Accordingly, the respondent is not in breach of the Directorate previous ruling relating to the print advertisement appearing on Sunday Times magazine. This aspect of the breach allegation is therefore dismissed.
On 7 and 11 March 2010, the complainant submitted that the website has not changed as the claims are still being made or inferred. The respondent submitted that offending claims will be removed from the website and the brand name Slender Max will no longer be used in conjunction with the Hoodia Gel, Hoodia Caps and Hoodia Tincture. It committed itself to changing the website by 19 March 2010.
The respondent was afforded an opportunity to elaborate on why it would take a month to change the website.

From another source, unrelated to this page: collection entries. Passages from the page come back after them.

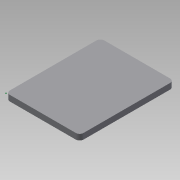
# Autodesk Inventor part: Cart_LOW_SHELF
Saved by Autodesk Inventor 2015 (Build 190159000, 159)
## iProperties
Created: 2015-05-21
Part Number: Cart_LOW_SHELF
Material: Generic
Document SubType Name: Modeling
Designer: Joe Sheldon
Density: 1 g/cm^3
Appearance: Default
Author: Joe Sheldon
Autodesk Inventor part; units mm, degrees
ref_plane "YZ Plane" through (0, 0, 0) normal (1, 0, 0) x (0, 1, 0)
ref_plane "XZ Plane" through (0, 0, 0) normal (0, 1, 0) x (-1, 0, 0)
ref_plane "XY Plane" through (0, 0, 0) normal (0, 0, 1) x (1, 0, 0)
sketch "Sketch1" plane through (0, 0, 0) normal (0, 1, 0) x (-1, 0, 0)
  line L0 (0, 0) -> (-361.95, 0)
  line L1 (-361.95, 0) -> (-361.95, -463.55)
  line L2 (-361.95, -463.55) -> (0, -463.55)
  line L3 (0, -463.55) -> (0, 0)
  dimension "d0" = 361.95
  dimension "d1" = 463.55
  constraints: 8 end point, 2 parallel, 1 horizontal, 1 perpendicular
  measures "d0" distance of L2.end L1.end
  measures "d1" distance of L1.end L0.end
extrude "Extrusion1" add sketch "Sketch1" along normal blind 2.794
fillet "Fillet1" radius 19.05 4 edges at (361.95, 1.397, 0) (361.95, 1.397, -463.55) (0, 1.397, -463.55) (0, 1.397, 0)
sketch "Sketch4" plane through (0, 0, 0) normal (0, -1, 0) x (1, 0, 0)
  point P0 (0, 0)
sketch "Sketch5" plane through (0, 0, 0) normal (0, -1, 0) x (1, 0, 0)
  arc A0 (19.05, 0) -> (0, -19.05) centre (19.05, -19.05) ccw projected
  line L0 (19.05, 0) -> (342.9, 0) projected
  line L1 (0, -444.5) -> (0, -19.05) projected
  line L2 (361.95, -19.05) -> (361.95, -444.5) projected
  arc A1 (361.95, -19.05) -> (342.9, 0) centre (342.9, -19.05) ccw projected
  arc A2 (0, -444.5) -> (19.05, -463.55) centre (19.05, -444.5) ccw projected
  line L3 (342.9, -463.55) -> (19.05, -463.55) projected
  arc A3 (342.9, -463.55) -> (361.95, -444.5) centre (342.9, -444.5) ccw projected
  arc A4 (2.9117, -444.5) -> (19.05, -460.6383) centre (19.05, -444.5) ccw
  line L4 (2.9117, -444.5) -> (2.9117, -19.05)
  arc A5 (19.05, -2.9117) -> (2.9117, -19.05) centre (19.05, -19.05) ccw
  line L5 (19.05, -2.9117) -> (342.9, -2.9117)
  arc A6 (359.0383, -19.05) -> (342.9, -2.9117) centre (342.9, -19.05) ccw
  line L6 (359.0383, -19.05) -> (359.0383, -444.5)
  arc A7 (342.9, -460.6383) -> (359.0383, -444.5) centre (342.9, -444.5) ccw
  line L7 (342.9, -460.6383) -> (19.05, -460.6383)
  point P0 (0, 0)
  constraints: 8 end point, 8 point on circle, 4 centre point, 7 other
extrude "Extrusion2" add sketch "Sketch5" along normal blind 25.4
body "Solid1"

However, no explanation was given. Therefore, the Directorate had no other option but to rule on the information before it.
The Directorate visited the respondent’s website on 18 March 2010 and noticed that images of packaging for some of the respondent’s products still contained references to the word “Slender” in contravention to the ruling dated 18 February 2010. Subsequent to that, however, no such references appear.
In the absence of additional clarity from the respondent, the Directorate has no option but to find that the respondent was in breach of the 18 February 2010 ruling as the offending claims still appeared a month after the ruling with no reasonable explanation for the delay in removing them.
Accordingly, the respondent’s use of the name “Slender” up to 18 March 2010 is in contravention of the Directorate ruling of 18 February 2010 and therefore in breach of Clause 15 of the Procedural Guide.
While the Directorate is at liberty to consider imposing a sanction on the respondent for this breach, it is noted that the respondent has had to amend its entire brand and all advertising spanning across various media. This has been done and the Directorate does not see a need to impose sanctions on the respondent at this time.